- TASK GOAL -
Using the data below, return every line that holds the word "blocks".

[Data entries]

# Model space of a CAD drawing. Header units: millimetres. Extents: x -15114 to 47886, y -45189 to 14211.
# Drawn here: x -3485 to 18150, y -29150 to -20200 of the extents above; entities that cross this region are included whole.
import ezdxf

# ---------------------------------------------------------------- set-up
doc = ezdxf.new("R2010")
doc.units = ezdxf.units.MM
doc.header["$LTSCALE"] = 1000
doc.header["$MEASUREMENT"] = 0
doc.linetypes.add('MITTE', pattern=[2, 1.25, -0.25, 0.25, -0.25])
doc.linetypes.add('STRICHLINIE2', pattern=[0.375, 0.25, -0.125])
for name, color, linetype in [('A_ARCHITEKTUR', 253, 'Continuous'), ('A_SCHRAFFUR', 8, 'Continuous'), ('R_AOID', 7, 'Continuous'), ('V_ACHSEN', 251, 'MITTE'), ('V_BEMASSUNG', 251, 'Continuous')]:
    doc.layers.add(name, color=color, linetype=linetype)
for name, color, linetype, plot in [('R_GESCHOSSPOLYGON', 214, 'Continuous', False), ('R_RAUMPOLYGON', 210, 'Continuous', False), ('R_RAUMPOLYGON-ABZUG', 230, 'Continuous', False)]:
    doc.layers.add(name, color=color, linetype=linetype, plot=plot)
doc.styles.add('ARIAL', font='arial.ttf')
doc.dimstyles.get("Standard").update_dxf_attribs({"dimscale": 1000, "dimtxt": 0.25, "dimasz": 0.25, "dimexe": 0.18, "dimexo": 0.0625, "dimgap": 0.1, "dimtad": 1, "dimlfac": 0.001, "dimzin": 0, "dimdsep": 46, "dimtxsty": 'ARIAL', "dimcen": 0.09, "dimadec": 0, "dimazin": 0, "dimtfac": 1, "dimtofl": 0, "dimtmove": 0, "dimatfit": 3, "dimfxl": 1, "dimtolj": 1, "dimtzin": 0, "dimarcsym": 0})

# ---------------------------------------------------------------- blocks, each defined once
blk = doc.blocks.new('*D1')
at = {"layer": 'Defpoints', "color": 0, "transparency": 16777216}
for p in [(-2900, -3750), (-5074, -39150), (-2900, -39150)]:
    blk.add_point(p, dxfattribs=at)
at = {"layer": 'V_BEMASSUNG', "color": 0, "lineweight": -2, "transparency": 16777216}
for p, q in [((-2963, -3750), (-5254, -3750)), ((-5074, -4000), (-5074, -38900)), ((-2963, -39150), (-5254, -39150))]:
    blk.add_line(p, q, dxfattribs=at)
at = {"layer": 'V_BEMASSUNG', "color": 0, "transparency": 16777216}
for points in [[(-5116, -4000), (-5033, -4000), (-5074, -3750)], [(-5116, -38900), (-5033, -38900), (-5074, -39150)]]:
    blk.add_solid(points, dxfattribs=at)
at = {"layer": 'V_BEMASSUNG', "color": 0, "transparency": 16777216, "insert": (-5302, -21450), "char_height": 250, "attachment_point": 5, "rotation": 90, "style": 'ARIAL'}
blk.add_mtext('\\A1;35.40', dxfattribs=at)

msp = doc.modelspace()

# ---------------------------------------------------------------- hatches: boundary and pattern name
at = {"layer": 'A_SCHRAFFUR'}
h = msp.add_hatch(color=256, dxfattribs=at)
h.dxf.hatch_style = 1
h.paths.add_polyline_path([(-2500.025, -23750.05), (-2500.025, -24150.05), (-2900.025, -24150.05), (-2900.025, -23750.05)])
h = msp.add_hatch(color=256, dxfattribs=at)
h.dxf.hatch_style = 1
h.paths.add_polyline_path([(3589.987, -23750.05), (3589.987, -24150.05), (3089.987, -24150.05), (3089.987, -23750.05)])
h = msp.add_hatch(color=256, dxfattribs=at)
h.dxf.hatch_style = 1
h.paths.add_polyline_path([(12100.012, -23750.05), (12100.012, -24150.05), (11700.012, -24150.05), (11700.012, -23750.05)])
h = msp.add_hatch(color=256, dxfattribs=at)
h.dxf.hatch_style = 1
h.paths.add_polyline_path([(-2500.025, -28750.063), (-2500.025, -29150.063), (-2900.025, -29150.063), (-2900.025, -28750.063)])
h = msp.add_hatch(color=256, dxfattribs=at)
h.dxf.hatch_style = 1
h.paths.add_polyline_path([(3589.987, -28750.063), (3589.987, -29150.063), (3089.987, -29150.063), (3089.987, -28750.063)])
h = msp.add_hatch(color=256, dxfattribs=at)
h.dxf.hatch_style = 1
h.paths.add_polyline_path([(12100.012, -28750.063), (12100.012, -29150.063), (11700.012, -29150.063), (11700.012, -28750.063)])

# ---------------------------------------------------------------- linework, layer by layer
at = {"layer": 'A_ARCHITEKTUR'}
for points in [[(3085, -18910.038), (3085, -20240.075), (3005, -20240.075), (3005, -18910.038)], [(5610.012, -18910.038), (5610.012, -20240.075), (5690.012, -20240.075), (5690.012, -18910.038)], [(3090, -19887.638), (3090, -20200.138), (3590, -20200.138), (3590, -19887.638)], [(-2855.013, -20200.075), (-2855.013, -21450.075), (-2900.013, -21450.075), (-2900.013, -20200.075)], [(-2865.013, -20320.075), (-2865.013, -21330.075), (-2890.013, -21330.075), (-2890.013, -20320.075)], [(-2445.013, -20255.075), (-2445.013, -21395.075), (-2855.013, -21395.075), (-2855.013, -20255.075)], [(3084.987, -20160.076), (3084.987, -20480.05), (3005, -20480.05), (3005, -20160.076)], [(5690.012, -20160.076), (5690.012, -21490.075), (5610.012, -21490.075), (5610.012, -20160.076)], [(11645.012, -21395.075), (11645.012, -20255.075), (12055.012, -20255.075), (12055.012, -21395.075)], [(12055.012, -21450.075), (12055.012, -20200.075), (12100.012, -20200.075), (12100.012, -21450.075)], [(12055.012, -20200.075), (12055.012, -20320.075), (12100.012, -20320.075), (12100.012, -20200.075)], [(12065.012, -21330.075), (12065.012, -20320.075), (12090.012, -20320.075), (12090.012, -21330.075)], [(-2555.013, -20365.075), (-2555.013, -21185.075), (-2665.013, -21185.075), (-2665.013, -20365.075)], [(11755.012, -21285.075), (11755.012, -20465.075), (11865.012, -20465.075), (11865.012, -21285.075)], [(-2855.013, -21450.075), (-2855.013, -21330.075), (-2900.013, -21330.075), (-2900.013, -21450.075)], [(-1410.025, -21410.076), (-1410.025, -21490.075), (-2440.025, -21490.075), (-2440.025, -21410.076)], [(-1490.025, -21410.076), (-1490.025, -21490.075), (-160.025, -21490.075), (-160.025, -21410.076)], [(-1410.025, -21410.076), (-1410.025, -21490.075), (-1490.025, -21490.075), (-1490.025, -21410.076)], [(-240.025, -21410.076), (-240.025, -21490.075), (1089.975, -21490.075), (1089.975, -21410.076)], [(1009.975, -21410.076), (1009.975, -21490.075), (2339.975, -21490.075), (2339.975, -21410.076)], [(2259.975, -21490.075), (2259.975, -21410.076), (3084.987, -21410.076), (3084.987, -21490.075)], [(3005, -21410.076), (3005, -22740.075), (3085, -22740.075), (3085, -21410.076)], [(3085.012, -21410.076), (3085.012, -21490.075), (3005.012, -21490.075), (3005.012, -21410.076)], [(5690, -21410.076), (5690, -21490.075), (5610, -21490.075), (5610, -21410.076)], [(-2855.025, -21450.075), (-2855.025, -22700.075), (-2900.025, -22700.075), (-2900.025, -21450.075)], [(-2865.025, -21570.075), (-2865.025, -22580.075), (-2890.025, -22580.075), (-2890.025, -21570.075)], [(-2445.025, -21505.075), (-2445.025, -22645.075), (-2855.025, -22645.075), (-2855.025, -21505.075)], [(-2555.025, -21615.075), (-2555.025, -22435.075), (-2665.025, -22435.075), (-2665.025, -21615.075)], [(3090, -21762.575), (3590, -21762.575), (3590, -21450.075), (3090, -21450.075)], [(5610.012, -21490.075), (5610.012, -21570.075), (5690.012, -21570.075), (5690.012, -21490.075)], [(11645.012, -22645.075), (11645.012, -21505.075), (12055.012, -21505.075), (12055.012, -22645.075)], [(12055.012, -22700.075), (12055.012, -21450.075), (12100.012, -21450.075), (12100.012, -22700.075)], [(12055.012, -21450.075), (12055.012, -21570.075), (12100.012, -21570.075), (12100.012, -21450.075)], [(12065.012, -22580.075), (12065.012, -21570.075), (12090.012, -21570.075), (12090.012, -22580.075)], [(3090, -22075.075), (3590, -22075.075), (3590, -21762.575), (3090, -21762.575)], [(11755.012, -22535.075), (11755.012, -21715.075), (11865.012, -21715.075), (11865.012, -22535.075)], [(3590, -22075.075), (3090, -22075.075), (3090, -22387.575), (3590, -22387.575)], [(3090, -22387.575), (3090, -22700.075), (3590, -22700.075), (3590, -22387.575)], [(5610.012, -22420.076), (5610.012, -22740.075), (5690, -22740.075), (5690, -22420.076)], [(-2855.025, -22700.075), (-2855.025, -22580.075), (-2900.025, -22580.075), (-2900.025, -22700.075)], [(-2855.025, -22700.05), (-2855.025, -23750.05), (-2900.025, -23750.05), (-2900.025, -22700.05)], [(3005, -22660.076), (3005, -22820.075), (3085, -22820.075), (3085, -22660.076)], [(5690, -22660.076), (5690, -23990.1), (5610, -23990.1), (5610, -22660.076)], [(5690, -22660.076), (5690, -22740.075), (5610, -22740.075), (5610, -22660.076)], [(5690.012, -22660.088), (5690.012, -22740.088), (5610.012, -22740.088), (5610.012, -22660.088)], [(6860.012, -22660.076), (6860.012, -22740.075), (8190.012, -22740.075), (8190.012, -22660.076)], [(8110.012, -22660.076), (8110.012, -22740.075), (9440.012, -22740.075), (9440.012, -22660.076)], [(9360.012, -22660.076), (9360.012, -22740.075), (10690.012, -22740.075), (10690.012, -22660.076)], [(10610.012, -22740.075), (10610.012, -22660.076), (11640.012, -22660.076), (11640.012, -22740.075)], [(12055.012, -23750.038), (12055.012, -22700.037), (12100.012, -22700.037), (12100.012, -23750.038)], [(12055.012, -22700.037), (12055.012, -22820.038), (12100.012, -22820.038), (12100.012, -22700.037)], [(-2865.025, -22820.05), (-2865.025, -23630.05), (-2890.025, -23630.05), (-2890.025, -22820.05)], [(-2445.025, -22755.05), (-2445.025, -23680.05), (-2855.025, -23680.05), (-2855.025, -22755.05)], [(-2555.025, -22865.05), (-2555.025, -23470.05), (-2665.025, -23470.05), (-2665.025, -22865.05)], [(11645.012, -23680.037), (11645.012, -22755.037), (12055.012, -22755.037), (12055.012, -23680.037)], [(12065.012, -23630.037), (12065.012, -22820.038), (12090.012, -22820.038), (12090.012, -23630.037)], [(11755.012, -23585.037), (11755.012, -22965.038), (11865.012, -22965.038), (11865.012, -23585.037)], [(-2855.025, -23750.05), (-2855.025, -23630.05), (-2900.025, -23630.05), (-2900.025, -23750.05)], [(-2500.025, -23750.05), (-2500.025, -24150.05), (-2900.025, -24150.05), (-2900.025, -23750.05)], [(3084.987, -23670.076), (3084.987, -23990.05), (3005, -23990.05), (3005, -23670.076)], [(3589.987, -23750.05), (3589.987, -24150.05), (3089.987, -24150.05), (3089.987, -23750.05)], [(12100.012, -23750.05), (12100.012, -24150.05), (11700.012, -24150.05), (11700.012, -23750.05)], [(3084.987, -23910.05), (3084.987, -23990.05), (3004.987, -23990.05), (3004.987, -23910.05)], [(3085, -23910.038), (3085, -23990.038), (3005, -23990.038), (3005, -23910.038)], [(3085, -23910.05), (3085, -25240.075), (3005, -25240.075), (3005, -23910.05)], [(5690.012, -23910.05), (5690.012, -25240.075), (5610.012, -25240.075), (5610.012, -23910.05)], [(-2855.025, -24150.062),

- RESPONSE TO THE EXERCISE -
# ---------------------------------------------------------------- blocks, each defined once
blk = doc.blocks.new('*D1')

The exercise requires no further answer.